In Kano state, a coalition of CSOs, media and government officials under the aegis of the Kano State-Led Accountability Mechanism (KanSLAM), is working to foster transparency and accountability across the state’s Ministries, Department and Agencies (MDAs) through evidence-based advocacy geared at achieving sustainable human development.

KanSLAM, as part of its efforts to entrench public accountability across health, education, and youth development, among other sectors, and with support from the FCDO Lafiya programme, recently held a strategic review, learning and experience-sharing and 2023 workplan development workshop in Kaduna state.

In 2023, KanSLAM plans to embark on more collaborations with the relevant MDAs so as to improve various indices around Human Capital Development (HCD), particularly health and education, in Kano state. Accordingly, the coalition will continue to prioritize holding the government accountable for its annual budgetary spending in relation to key HCD indicators.

Moreover, the 2023 KanSLAM workplan seeks to consolidate transparency efforts and minimise bureaucracies and bottlenecks within the government’s accountability domain.

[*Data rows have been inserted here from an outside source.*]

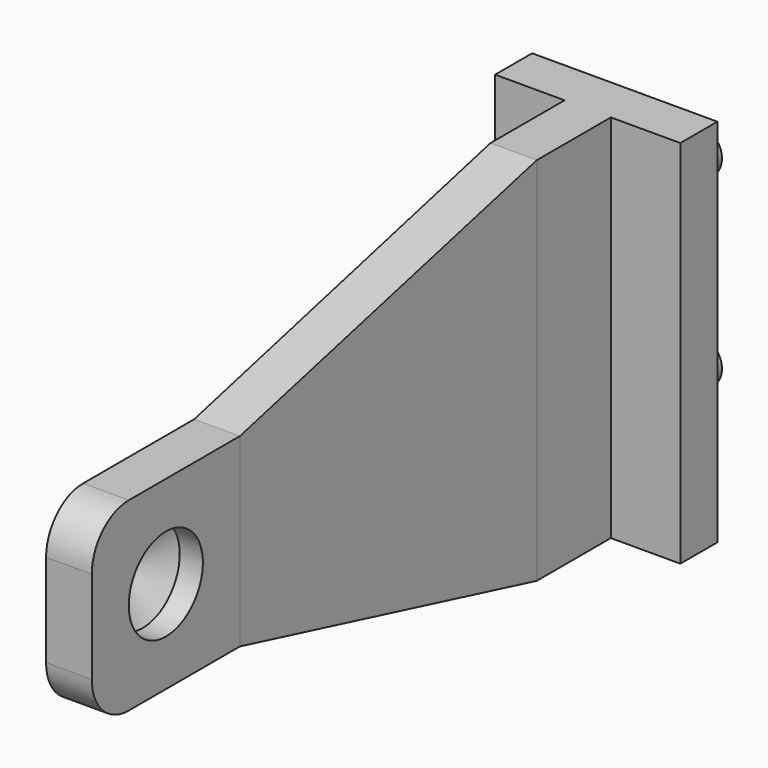
from build123d import *

# Parameters (mm, degrees)
F0_W         = 25.4
F0_H         = 50.8
F1_DEPTH     = 6.35
F2_W         = 6.35
F2_H         = 50.8
F3_DEPTH     = 12.7
F3_FACE_W    = 6.35
F3_FACE_H    = 50.8
F5_W         = 6.2655590393
F5_H         = 25.4
F7_DEPTH     = 25.4
F8_T1_DEPTH  = 38.0155590393
F10_D        = 12.7
F10_DEPTH    = 3.175
F10_TIP      = 3.8154649308
F11_T        = 4.445
F11_T3_DEPTH = 59.69
F11_T5_DEPTH = 15.1555590393
F11_T7_DEPTH = 34.29
F12_R        = 3.175
F13_DEPTH    = 12.7


# Not quite as in the source:
# - a fillet or chamfer that OpenCascade refuses, or shapes differently, is made with other operations: its cross-section is extruded or revolved along the edge and cut away or added
# - a shell that OpenCascade refuses in one call is made with other operations: the cavity is built on its own and cut out


with BuildPart() as f1:
    # F0 (on Front) → F1 (new body)
    with BuildSketch(Plane.XZ):
        with Locations((-6.5905367956, 12.3420813114)):
            Rectangle(F0_W, F0_H)
    extrude(amount=F1_DEPTH)

    # F2 (on face) → F3 (join)
    with BuildSketch(Plane.XZ.offset(6.35)):
        with Locations((-6.5905367956, 12.3420813114)):
            Rectangle(F2_W, F2_H)
    extrude(amount=F3_DEPTH)

    # F3_face (on face) → F6 section 0
    with BuildSketch(Plane(origin=(-6.5905367956, -19.05, 12.3420813114), x_dir=(1, 0, 0), z_dir=(0, -1, 0))):
        Rectangle(F3_FACE_W, F3_FACE_H)
    # F5 (on offset) → F6 section 1
    with BuildSketch(Plane.XZ.offset(69.85)):
        with Locations((-6.6327572759, 12.3420813114)):
            Rectangle(F5_W, F5_H)
    loft()

    # F7 (add): a face of the model
    f7_faces = [f1.faces().sort_by_distance(p)[0] for p in [
        (-6.6327572759, -69.85, 12.3420813114),
    ]]
    extrude(f7_faces, amount=F7_DEPTH)

    # F8: fillet of radius 6.35 on 4 edges, made by hand

    # F8_s2 → F8_t1 (cut)
    with BuildSketch(Plane.YZ.offset(-25.6405367956)):
        with BuildLine():
            ThreePointArc((-88.9, 25.0420813114), (-93.3901280605, 23.1822093719), (-95.25, 18.6920813114))
            Line((-95.25, 18.6920813114), (-95.25, 25.0420813114))
            Line((-95.25, 25.0420813114), (-88.9, 25.0420813114))
        make_face()
        with BuildLine():
            ThreePointArc((-88.9, -0.3579186886), (-93.3901280605, 1.5019532508), (-95.25, 5.9920813114))
            Line((-95.25, 5.9920813114), (-95.25, -0.3579186886))
            Line((-95.25, -0.3579186886), (-88.9, -0.3579186886))
        make_face()
    extrude(amount=F8_T1_DEPTH, mode=Mode.SUBTRACT)

    # F10
    with Locations(Plane.YZ.offset(-3.4999777563)):
        with Locations((-82.55, 12.3420813114)):
            Hole(F10_D / 2, depth=F10_DEPTH)
            with Locations((0, 0, -(F10_DEPTH + F10_TIP / 2))):  # 118° drill point
                Cone(0, F10_D / 2, F10_TIP, mode=Mode.SUBTRACT)

    # F11: shell of thickness 4.445, made by hand


with BuildPart() as f11_core1:
    # F11_t2: copy of F1
    add(f1.part)

    # the walls: a layer under each face that stays
    f11_faces = [f11_core1.faces().sort_by_distance(p)[0] for p in [
        (-19.2905367956, -3.175, 12.3420813114),
        (-6.5905367956, -9.525, 37.7420813114),
        (-6.5905367956, -9.525, -13.0579186886),
        (-6.5905367956, 0, 12.3420813114),
        (-14.5280367956, -6.35, 12.3420813114),
        (6.1094632044, -3.175, 12.3420813114),
        (1.3469632044, -6.35, 12.3420813114),
        (-3.4155367956, -12.7, 12.3420813114),
        (-6.6116470357, -44.45, 31.3920813114),
        (-6.6116470357, -44.45, -6.7079186886),
        (-3.4577572759, -44.45, 12.3420813114),
        (-6.6327572759, -79.375, 25.0420813114),
        (-6.6327572759, -79.375, -0.3579186886),
        (-6.6327572759, -93.3901280605, 23.1822093719),
        (-6.6327572759, -93.3901280606, 1.5019532508),
        (-6.6327572759, -95.25, 12.3420813114),
        (-8.2202572759, -86.328223001, 12.3420813114),
        (-3.4999777563, -91.0166666667, 3.8754146447),
        (-5.0874777563, -88.9, 12.3420813114),
    ]]
    thicken(f11_faces, amount=-F11_T, mode=Mode.SUBTRACT)

    # F11_s4 → F11_t3 (cut)
    with BuildSketch(Plane.XY.offset(-17.5029186886)):
        Polygon((-3.3710867956, -6.39445), (-3.4155367956, -1.905), (-7.8605367956, -1.905), (-7.8605367956, -6.35), align=None)
    extrude(amount=F11_T3_DEPTH, mode=Mode.SUBTRACT)

    # F11_s6 → F11_t5 (cut)
    with BuildSketch(Plane.YZ.offset(-14.2105367956)):
        Polygon((-69.8607807085, 25.1296541455), (-68.7719291467, 20.7297978982), (-69.3027954941, 20.5970813114), (-69.85, 20.5970813114), align=None)
        Polygon((-69.8607807085, -0.4454915228), (-68.7719291467, 3.9543647245), (-69.3027954941, 4.0870813114), (-69.85, 4.0870813114), align=None)
    extrude(amount=F11_T5_DEPTH, mode=Mode.SUBTRACT)

    # F11_s8 → F11_t7 (cut)
    with BuildSketch(Plane.XY.offset(-4.8029186886)):
        Polygon((-3.4110778177, -69.8500738857), (-7.9449716156, -69.8426114261), (-7.9449777563, -69.8463057105), (-7.9449777563, -69.85), align=None)
    extrude(amount=F11_T7_DEPTH, mode=Mode.SUBTRACT)

    # F11_s9 → F11_t10 (revolve, cut)
    with BuildSketch(Plane.XY.offset(12.3420813114)):
        Polygon((-6.6368766698, -76.2673434424), (-10.4850864079, -73.910655757), (-9.1898377553, -71.755), (-6.6749777563, -71.755), align=None)
    revolve(axis=Axis((-6.6749777563, -82.55, 12.3420813114), (1, 0, 0)), mode=Mode.SUBTRACT)


with BuildPart() as f1_1:
    add(f1.part)

    # what is left inside the walls is the cavity
    f11_cavity = [f11_core1.part.solids().sort_by_distance(p)[0] for p in [
        (-9.721087, -28.696773, 12.342081),
        (-9.611738, -89.747742, 5.14434),
        (-9.611738, -89.747742, 19.539823),
    ]]
    add(f11_cavity, mode=Mode.SUBTRACT)

    # F12 (on face) → F13 (join)
    with BuildSketch(Plane(origin=(0, 0, 0), x_dir=(-1, 0, 0), z_dir=(0, 1, 0))):
        with Locations((6.5905367956, 25.0420813114)):
            Circle(F12_R)
        with Locations((6.5905367956, -0.3579186886)):
            Circle(F12_R)
    extrude(amount=F13_DEPTH)


solid = f1_1.part

Ms Maimuna Yakubu, the co-chair of KanSLAM said the workshop sought to address pending accountability challenges across various MDAs of Kano State in 2023, while assessing the successes, challenges and way forward for the Mechanism.

Ms Yakubu said KanSLAM had, throughout the outgoing 2022, engaged the state government on increased budgetary allocation and release for the health and education sectors, interfacing with the ministries of health and education to get drafts of their deeds in an effort to synthesize their work towards ensuring accountability in the two sectors.

The co-chair said KanSLAM had also engaged with the community-level Ward Development Committees (WDCs), strengthening their capacity to track the implementation of health programmes by the government, development partners and the private sector, so as to guarantee access to quality healthcare services at the grassroots.

WDCs are made up of prominent community leaders, including religious and traditional leaders, who are saddled with the responsibility of overseeing development at the ward level, including encouraging community involvement in health issues so as to create local accountability for healthcare services.

Ms Yakubu appreciated the Kano government for recognizing KanSLAM’s work, by appointing its members to the governing boards of health sector agencies in the state, adding that her coalition would maintain its advocacy  for the sustenance of a minimum of 15% budgetary allocation for health as well as ensuring commensurate releases.

In addition, she described her coalition as the Kano government’s partners in progress, hence the inclusion of government representatives in it. However, she assured that her coalition had the best interest of the community at heart and would therefore make sure healthcare services reach the people of the state.

While speaking on advocacy as a veritable tool for achieving accountability across MDAs in Kano state, Mr Mohammed Gama, an advocacy expert, encouraged KanSLAM to always rely on facts and evidence in their advocacy so as to manifestly bring out the key challenges to be addressed by relevant policymakers and stakeholders in the health and education sectors.

Gama urged the SLAM to utilize data from CSOs, testimonies from victims, interviews, media reportage, pictures and videos amongst other necessary evidence to engage key policymakers and stakeholders while demanding accountability through advocacy.

As part of the workshop’s peer learning exercise, the Kaduna State Maternal Accountability Mechanism (KADMAM), KanSLAM’s counterpart in Kaduna state, shared advocacy and accountability strategies and success stories with their Kano counterparts.

Some of the success stories highlighted by Mustapha Jumare, the co-chair of KADMAM, were the Kaduna government’s renovation and upgrade of 255 ward facilities across the state; the employment of 1,025 staff in different subsectors of the state’s health sector; as well as a strong partnership with the three Basic Healthcare Provision Fund (BHCPF) gateways for accountability on the contributory health scheme implementation in Kaduna, among others.